Picked the car up on Saturday, 6 hr round trip. Did all the wheeler dealer stuff on the phone before we viewed it last week, I agreed to sort out the minor cosmetic work for a good discount and the Honda dealer would do any mechanicals. My lad wasn't 100% happy with the clutch when he drove it, they agreed and put a new clutch in. Also a new battery (the normal battery) as this would need replacing soon. Can't fault the garage, Norton Way Honda in Letchworth, sent a personal video of the car to my lad, have been very helpful throughout and he even gets a 12 month Honda warranty rather than 3 months.

I'll be giving it a proper detail with him come the spring but here it is as it stands.

2010 Honda CR-Z GT. Its a 1.5 IMA Hybrid, in the sought after GT spec, with the factory upgrade wheels, carbon trims and boot spoiler, in white, which ticked all the boxes he wanted ticking. No sat nav, but he doesn't listen to the radio and would use google maps on his phone anyway.

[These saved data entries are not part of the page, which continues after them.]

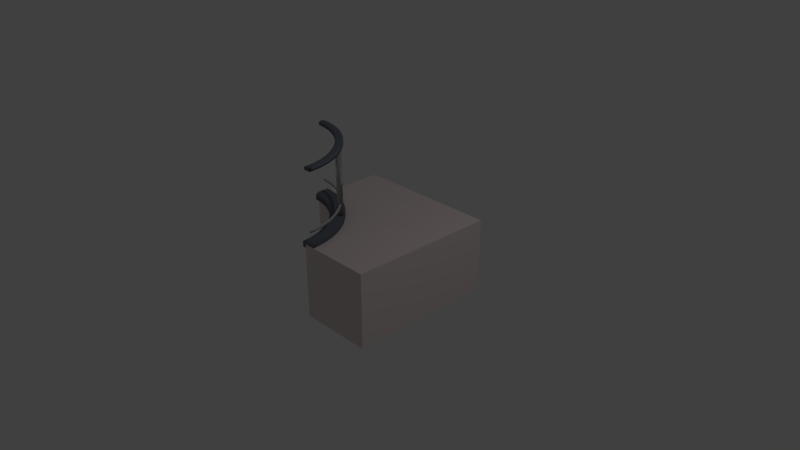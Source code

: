 # Source: RepeatableCornerWithRail.blend  (saved by Blender 2.78.0; exported with 4.5.12 LTS)
import bpy
from mathutils import Matrix  # noqa: F401  (used for matrix-valued properties, if any)

bpy.ops.wm.read_factory_settings(use_empty=True)
scene = bpy.context.scene
scene.name = 'Scene'

# ---- collections
col_collection_1 = bpy.data.collections.new('Collection 1'); scene.collection.children.link(col_collection_1)

# ---- materials (node trees are filled in below, after node groups)
mat_rubberized_gray_001 = bpy.data.materials.new('Rubberized Gray.001')
mat_rubberized_gray_001.alpha_threshold = 0.0
mat_rubberized_gray_001.use_transparent_shadow = False
mat_rubberized_gray_001.roughness = 0.5
mat_science_white_003 = bpy.data.materials.new('Science White.003')
mat_science_white_003.alpha_threshold = 0.0
mat_science_white_003.use_transparent_shadow = False
mat_science_white_003.roughness = 0.5
mat_metallic_gray_001 = bpy.data.materials.new('Metallic Gray.001')
mat_metallic_gray_001.alpha_threshold = 0.0
mat_metallic_gray_001.use_transparent_shadow = False
mat_metallic_gray_001.roughness = 0.5

# ---- material node trees
mat_rubberized_gray_001.use_nodes = True; mat_rubberized_gray_001.node_tree.nodes.clear()
_N = mat_rubberized_gray_001.node_tree.nodes; _L = mat_rubberized_gray_001.node_tree.links
n0 = _N.new('ShaderNodeOutputMaterial'); n0.name = 'Material Output'; n0.location = (300, 300)
n1 = _N.new('ShaderNodeBsdfDiffuse'); n1.name = 'Diffuse BSDF'; n1.location = (10, 300)
n1.inputs[0].default_value = (0.1529, 0.1714, 0.2086, 1.0)
_L.new(n1.outputs[0], n0.inputs[0])
n0.is_active_output = True
mat_science_white_003.use_nodes = True; mat_science_white_003.node_tree.nodes.clear()
_N = mat_science_white_003.node_tree.nodes; _L = mat_science_white_003.node_tree.links
n0 = _N.new('ShaderNodeOutputMaterial'); n0.name = 'Material Output'; n0.location = (300, 300)
n1 = _N.new('ShaderNodeBsdfDiffuse'); n1.name = 'Diffuse BSDF'; n1.location = (10, 300)
n1.inputs[0].default_value = (0.7991, 0.7011, 0.6795, 1.0)
_L.new(n1.outputs[0], n0.inputs[0])
n0.is_active_output = True
mat_metallic_gray_001.use_nodes = True; mat_metallic_gray_001.node_tree.nodes.clear()
_N = mat_metallic_gray_001.node_tree.nodes; _L = mat_metallic_gray_001.node_tree.links
n0 = _N.new('ShaderNodeOutputMaterial'); n0.name = 'Material Output'; n0.location = (300, 300)
n1 = _N.new('ShaderNodeBsdfDiffuse'); n1.name = 'Diffuse BSDF'; n1.location = (10, 300)
n1.inputs[0].default_value = (0.5457, 0.5457, 0.5457, 1.0)
_L.new(n1.outputs[0], n0.inputs[0])
n0.is_active_output = True

# ---- world
world_world = bpy.data.worlds.new('World'); scene.world = world_world
world_world.color = (0.05088, 0.05088, 0.05088)
world_world.use_sun_shadow = False
world_world.sun_shadow_jitter_overblur = 0.0
world_world.cycles.sampling_method = 'MANUAL'

# ---- cameras
cam_camera = bpy.data.cameras.new('Camera')
cam_camera.clip_end = 100.0
cam_camera.lens = 35.0
cam_camera.sensor_width = 32.0
cam_camera.sensor_height = 18.0
cam_camera.ortho_scale = 7.314
cam_camera.dof.focus_distance = 0.0
cam_camera.dof.aperture_fstop = 128.0

# ---- lights
light_lamp = bpy.data.lights.new('Lamp', 'POINT')
light_lamp.transmission_factor = 0.0
light_lamp.cutoff_distance = 30.0
light_lamp.energy = 100.0
light_lamp.shadow_buffer_clip_start = 1.001
light_lamp.shadow_soft_size = 0.1
light_lamp.shadow_maximum_resolution = 0.006
light_lamp.use_absolute_resolution = True

# ---- meshes
me_cube_000 = bpy.data.meshes.new('Cube.000')
me_cube_000.from_pydata([(-0.8049, -0.3843, -20.0), (-0.8049, -0.3843, 20.0), (-0.6173, -1.522, -20.0), (-0.6173, -1.522, 20.0), (-0.4444, -3.371, -20.0), (-0.4444, -3.371, 20.0), (-0.2929, -5.858, -20.0), (-0.2929, -5.858, 20.0), (-0.1685, -8.889, -20.0), (-0.1685, -8.889, 20.0), (-0.07612, -12.35, -20.0), (-0.07612, -12.35, 20.0), (-0.01922, -16.1, -20.0), (-0.01922, -16.1, 20.0), (1.0, -20.0, 20.0), (-3.353e-07, -20.0, 20.0), (-3.353e-07, -20.0, -20.0), (1.0, -20.0, -20.0), (1.0, -2.682e-05, 20.0), (1.0, -2.682e-05, -20.0), (-3.353e-07, -2.682e-05, 20.0), (-3.353e-07, -2.682e-05, -20.0), (-3.353e-07, 20.0, 20.0), (1.0, 20.0, 20.0), (1.0, 20.0, -20.0), (-3.353e-07, 20.0, -20.0), (-1.0, -2.682e-05, 20.0), (-1.0, 20.0, 20.0), (-1.0, 20.0, -20.0), (-1.0, -2.682e-05, -20.0)], [], [(0, 2, 3, 1), (2, 4, 5, 3), (4, 6, 7, 5), (6, 8, 9, 7), (8, 10, 11, 9), (10, 12, 13, 11), (18, 14, 17, 19), (20, 15, 14, 18), (19, 17, 16, 21), (22, 23, 24, 25), (19, 24, 23, 18), (21, 25, 24, 19), (18, 23, 22, 20), (22, 27, 26, 20), (25, 28, 27, 22), (21, 29, 28, 25), (15, 13, 12, 16), (1, 26, 29, 0), (15, 16, 17, 14), (26, 27, 28, 29), (3, 5, 7, 9, 11, 13, 15, 20, 26, 1), (0, 29, 21, 16, 12, 10, 8, 6, 4, 2)])
me_cube_000.polygons.foreach_set('material_index', [1, 1, 1, 1, 1, 1, 1, 1, 1, 1, 1, 1, 1, 1, 1, 1, 1, 1, 1, 1, 1, 1])
me_cube_000.materials.append(mat_rubberized_gray_001)
me_cube_000.materials.append(mat_science_white_003)
me_cube_000.materials.append(mat_metallic_gray_001)
me_cube_000.use_remesh_preserve_volume = False
me_cube_000.use_remesh_preserve_attributes = False
me_cube_000.use_mirror_vertex_groups = False
me_cube_000.update()
me_cube_003 = bpy.data.meshes.new('Cube.003')
me_cube_003.from_pydata([(-0.6856, 7.978, -8.404), (-0.6856, 7.978, -7.404), (-0.6856, 8.478, -8.404), (-0.6856, 8.478, -7.404), (-0.6243, 8.412, -7.404), (-0.5631, 8.269, -7.404), (-0.5029, 8.041, -7.404), (-0.4433, 7.749, -7.404), (-0.3846, 7.405, -7.404), (-0.3276, 6.953, -7.404), (-0.2707, 6.499, -7.404), (-0.217, 5.911, -7.404), (-0.1634, 5.32, -7.404), (-0.1122, 4.652, -7.404), (-0.06234, 3.941, -7.404), (-0.01377, 3.199, -7.404), (0.03185, 2.384, -7.404), (0.07744, 1.568, -7.404), (0.1185, 0.66, -7.404), (0.1593, -0.2522, -7.404), (0.1968, -1.216, -7.404), (0.2324, -2.212, -7.404), (0.2663, -3.23, -7.404), (0.2959, -4.302, -7.404), (0.3254, -5.375, -7.404), (0.3486, -6.509, -7.404), (0.3712, -7.648, -7.404), (0.3891, -8.818, -7.404), (0.4037, -10.01, -7.404), (0.416, -11.21, -7.404), (0.4238, -12.43, -7.404), (0.4269, -13.77, -7.404), (0.4269, -13.77, -8.404), (0.4238, -12.43, -8.404), (0.416, -11.21, -8.404), (0.4037, -10.01, -8.404), (0.3891, -8.818, -8.404), (0.3712, -7.648, -8.404), (0.3486, -6.509, -8.404), (0.3254, -5.375, -8.404), (0.2959, -4.302, -8.404), (0.2663, -3.23, -8.404), (0.2324, -2.212, -8.404), (0.1968, -1.216, -8.404), (0.1593, -0.2522, -8.404), (0.1185, 0.6601, -8.404), (0.07744, 1.568, -8.404), (0.03185, 2.384, -8.404), (-0.01377, 3.199, -8.404), (-0.06234, 3.941, -8.404), (-0.1122, 4.652, -8.404), (-0.1634, 5.32, -8.404), (-0.217, 5.911, -8.404), (-0.2707, 6.499, -8.404), (-0.3276, 6.953, -8.404), (-0.3846, 7.405, -8.404), (-0.4433, 7.749, -8.404), (-0.5029, 8.041, -8.404), (-0.5631, 8.269, -8.404), (-0.6243, 8.412, -8.404), (0.4019, -13.77, -7.404), (0.3989, -12.47, -7.404), (0.3912, -11.28, -7.404), (0.3793, -10.11, -7.404), (0.3651, -8.952, -7.404), (0.3476, -7.811, -7.404), (0.3254, -6.698, -7.404), (0.3029, -5.59, -7.404), (0.2739, -4.54, -7.404), (0.245, -3.49, -7.404), (0.2117, -2.494, -7.404), (0.1769, -1.517, -7.404), (0.14, -0.5721, -7.404), (0.1, 0.3226, -7.404), (0.0598, 1.213, -7.404), (0.01505, 2.013, -7.404), (-0.02968, 2.814, -7.404), (-0.07731, 3.541, -7.404), (-0.1261, 4.238, -7.404), (-0.1763, 4.892, -7.404), (-0.2288, 5.47, -7.404), (-0.2814, 6.047, -7.404), (-0.337, 6.489, -7.404), (-0.3926, 6.932, -7.404), (-0.4499, 7.267, -7.404), (-0.508, 7.551, -7.404), (-0.5665, 7.774, -7.404), (-0.6261, 7.913, -7.404), (-0.6261, 7.913, -8.404), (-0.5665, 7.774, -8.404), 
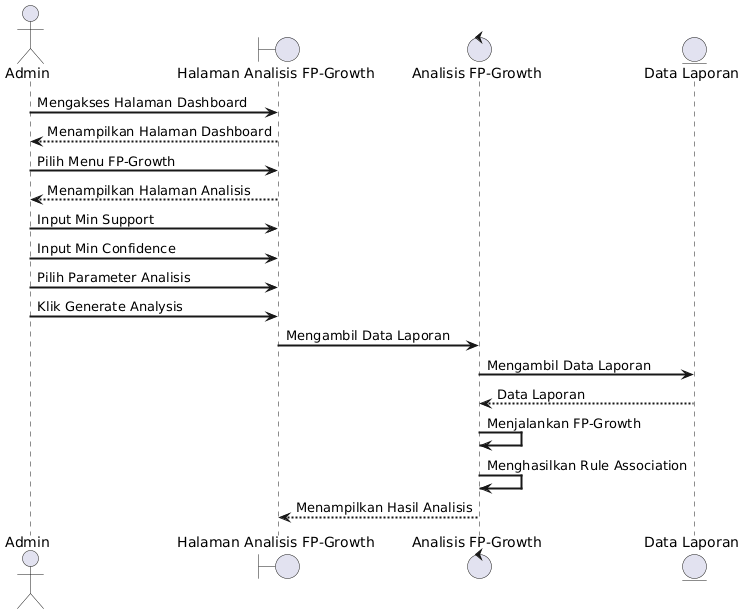

The diagram above was rendered by PlantUML. Its source (embedded in the PNG):
@startuml
skinparam SequenceLifeLineBorderThickness 2
skinparam SequenceParticipantBorderThickness 2
skinparam SequenceArrowThickness 2

actor Admin

boundary "Halaman Analisis FP-Growth" as Analisis
control "Analisis FP-Growth" as FPGrowth
entity "Data Laporan" as Laporan

Admin -> Analisis : Mengakses Halaman Dashboard
Analisis --> Admin : Menampilkan Halaman Dashboard

Admin -> Analisis : Pilih Menu FP-Growth

Analisis --> Admin : Menampilkan Halaman Analisis

Admin -> Analisis : Input Min Support
Admin -> Analisis : Input Min Confidence
Admin -> Analisis : Pilih Parameter Analisis

Admin -> Analisis : Klik Generate Analysis

Analisis -> FPGrowth : Mengambil Data Laporan

FPGrowth -> Laporan : Mengambil Data Laporan

Laporan --> FPGrowth : Data Laporan

FPGrowth -> FPGrowth : Menjalankan FP-Growth
FPGrowth -> FPGrowth : Menghasilkan Rule Association

FPGrowth --> Analisis : Menampilkan Hasil Analisis
@enduml

Nippy little thing, handles like a go kart, and another Honda in the family!


----------



## cole_scirocco

1st Central did a blinder for me on my first car, going back 10 years ago now but their prices are still very fair. Worth a shout.

Only thing I'd say as well is if you do them on comparison sites then find the cheapest - go direct with that cheaper quote it should be cheaper direct.

Good luck.


----------



## Andy from Sandy

Nice looking car.

I have seen a few times in car sat nav looks nice with the integration but usually comes with a hefty price for updates.


----------



## Shiny

Yeah, he really wasn't bothered with the sat nav. We saw one a couple of months back but it was a high miler and an absolute dog. This one is 80k odd with a dealer stamp in the service box religously every year.

It's got far more stuff in it than my Jazz which is the top of the range Ex model. There's little green trees on the dash and when you drive a bit mad you destroy the trees :lol:. In "sport" mode the trees go and the whole dash lights up red, like on the new CTRs. :driver:


----------



## James_R

That looks great Lloyd!!

I had one of those - a 2010 model same colour etc.
Electra alloys are awesome too - a huge improvement over the little 16" ones.

Great cars - not the fastest thing, and probably should be faster.
But it was alright for me a nice turn of pace and economical.

I averaged 52mpg over the 26000 miles I did in it.

My lad would like one of these next.


----------



## Andyblue

Oh very nice, a friend of ours had one and loved it. :thumb:


----------



## Shiny

Cheers James & Andy.

This one is a 2010 too. Aye, it's not the fastest/quickest of cars, but for relatively low insurance group 1.5, it is really nippy, especially in Sport mode. Quite long gears too, and 6 gears will help with long journeys (not that he'd do many). One thing my ATR should have had was 6th gear. It handles superbly well though, i know a few people that have said it is much more fun to drive than the FN2 CTR, despite the big difference in straight line power.


----------



## James_R

I found the Electras, and going up to 17" wheels was a nice improvement in handling.
Gave it a more planted and sporty feel too.

I bought the alloys and tyre package from Honda after I'd had the car a year ish.
Yokohama S.Drive were the factory tyres.

Your lad will look cool driving around in it.


----------